Orbit Exports Limited submitted a regulatory filing to NSE and BSE containing the board resolution passed on July 7, 2026, approving a buyback of equity shares under SEBI Buyback Regulations.

The Board approved the buyback of up to 11,04,000 (Eleven Lakh Four Thousand) fully paid-up equity shares of face value ₹10 each at a price of ₹250 per share, representing 4.16% of the total paid-up equity capital as of March 31, 2026. The total buyback size is ₹27,60,00,000 (Rupees Twenty Seven Crore Sixty Lakh), which represents 9.88% and 9.16% of the aggregate of total paid-up equity share capital and free reserves based on latest audited standalone and consolidated financial statements as of March 31, 2026, within the statutory limit of 10%.

The buyback will be conducted through the tender offer route using the stock exchange mechanism prescribed under SEBI Buyback Regulations. The buyback price represents various premiums over market prices: 10.64% and 11.89% premium over 3-month VWAP on BSE and NSE respectively; 0.71% and 3.04% premium over 2-week VWAP; 11.71% and 13.48% premium over closing price on intimation date (July 2, 2026); and 9.82% and 10.27% premium over closing price on board meeting date (July 7, 2026).

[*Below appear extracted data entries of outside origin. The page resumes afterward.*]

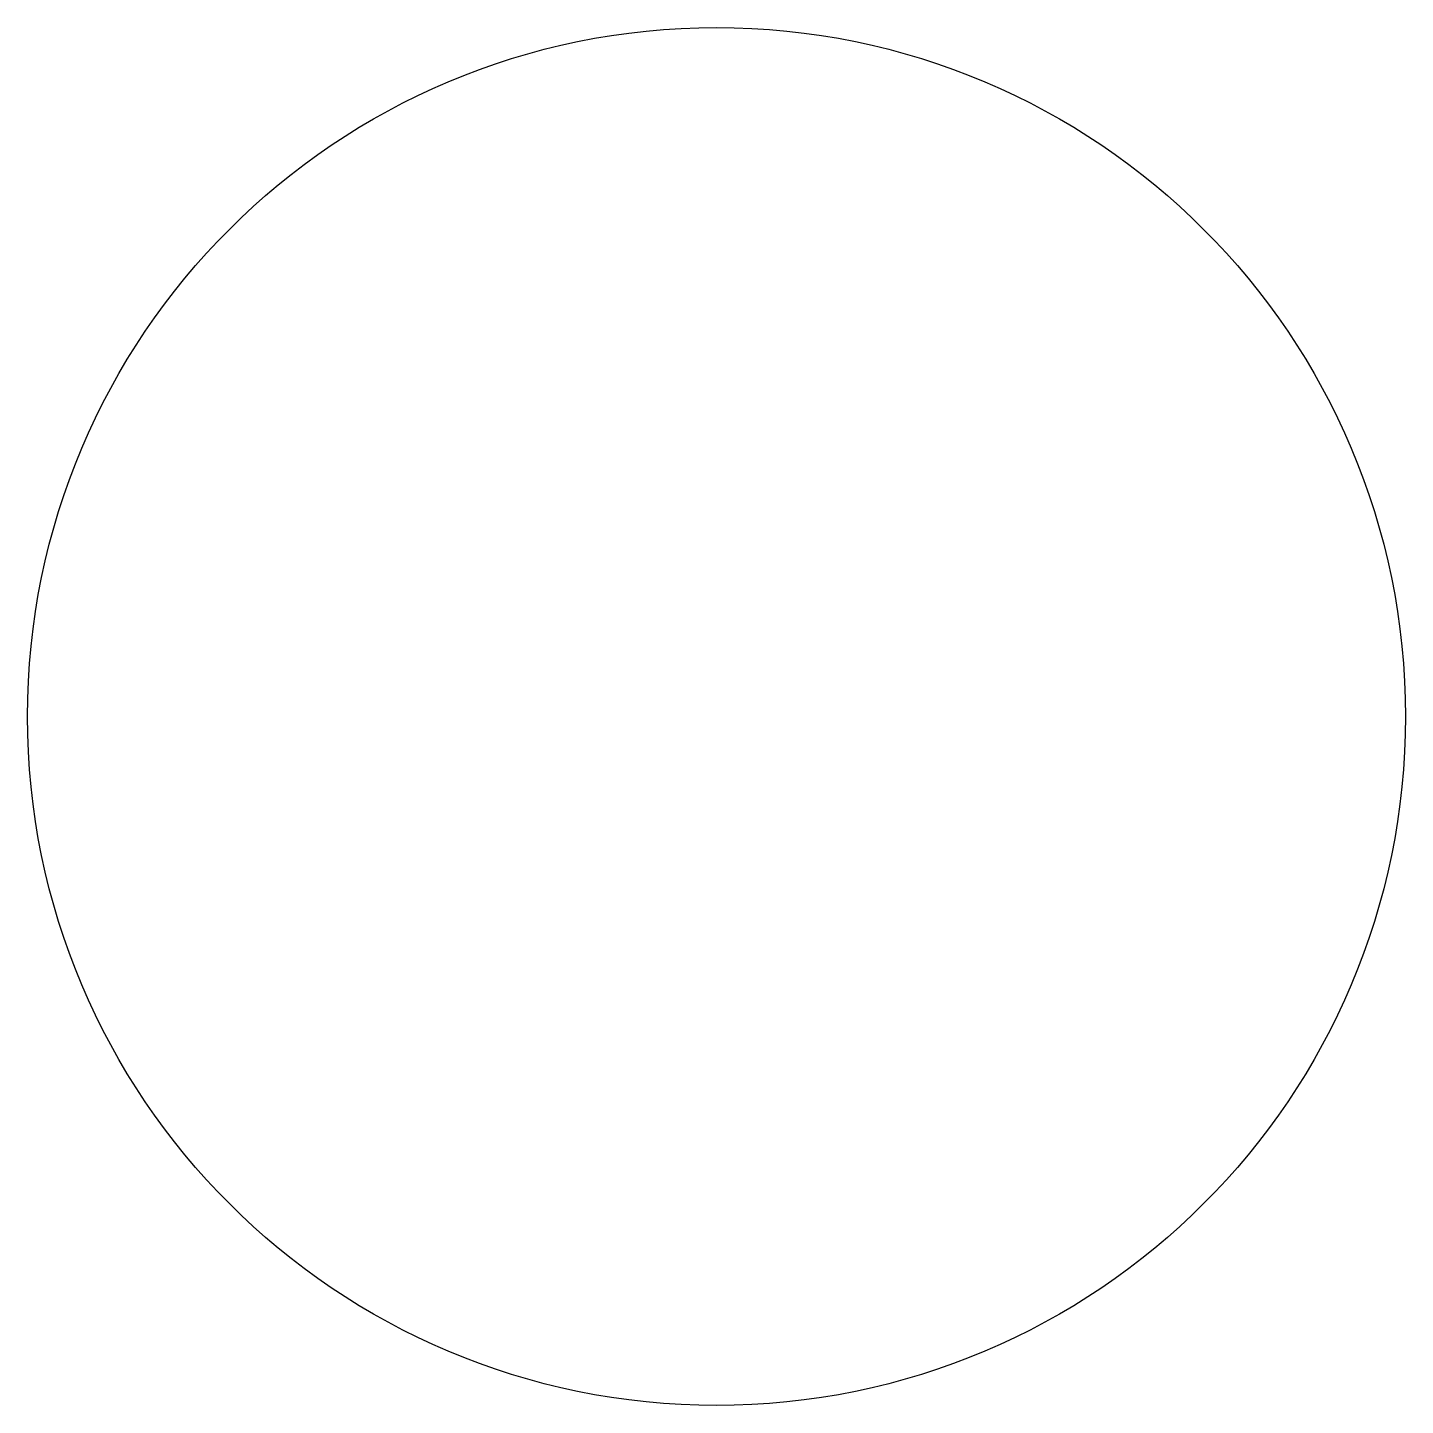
# Model space of a CAD drawing. Header units: millimetres. Extents: x 1239 to 1961, y 1239 to 1961.
import ezdxf

# ---------------------------------------------------------------- set-up
doc = ezdxf.new("R2010")
doc.units = ezdxf.units.MM
doc.layers.get('0').update_dxf_attribs({"linetype": 'CONTINUOUS'})

msp = doc.modelspace()

# ---------------------------------------------------------------- linework, layer by layer
msp.add_circle((1600, 1600), 360.56)

doc.saveas('drawing.dxf')

The Board retains flexibility to increase the buyback price and decrease the number of shares one working day prior to the record date, maintaining the same total buyback size, as per Regulation 5(via) of SEBI Buyback Regulations.

Promoters and promoter group members have indicated their intention not to participate in the buyback. The company will reserve 15% of the buyback shares for small shareholders as defined under SEBI regulations, whichever is higher.

The buyback will be funded from the company's current surplus, cash balances, current investments, and internal resources (not from borrowed funds). Transaction costs including filing fees, brokerage, taxes, advisor fees, and other expenses are excluded from the buyback size.

The record date for determining eligible shareholders is set as July 15, 2026. The company confirmed compliance with various statutory requirements including no defaults in debt repayment, adequate debt-equity ratio post-buyback (not exceeding 2:1), and compliance with minimum public shareholding requirements.

A Buyback Committee was constituted comprising Mr. Pankaj Seth (Chairman), Mr. Parth Seth (Member), Mr. Rahul Tiwari (Member), and Mr. Omprakash Jat (Secretary). The committee is delegated extensive powers for implementation including appointment of intermediaries, price revision, escrow arrangements, and execution of all buyback-related activities.

Key appointments made: Saffron Capital Advisors Private Limited as Manager/Merchant Banker, MUFG Intime India Private Limited as Registrar, DBS Bank India Limited as Escrow Agent, and BSE Limited as Designated Stock Exchange. Mr. Omprakash Jat was appointed as Compliance Officer for the buyback.

The company will file a Declaration of Solvency with ROC and SEBI, signed by Mr. Pankaj Seth and Ms. Anisha Seth. The board confirmed that the company will be able to meet its liabilities and not be rendered insolvent within one year from the buyback approval date.

Post-buyback, the company will transfer an amount equal to the nominal value of shares bought back to the capital redemption reserve account and will extinguish and physically destroy the bought-back shares within specified timelines.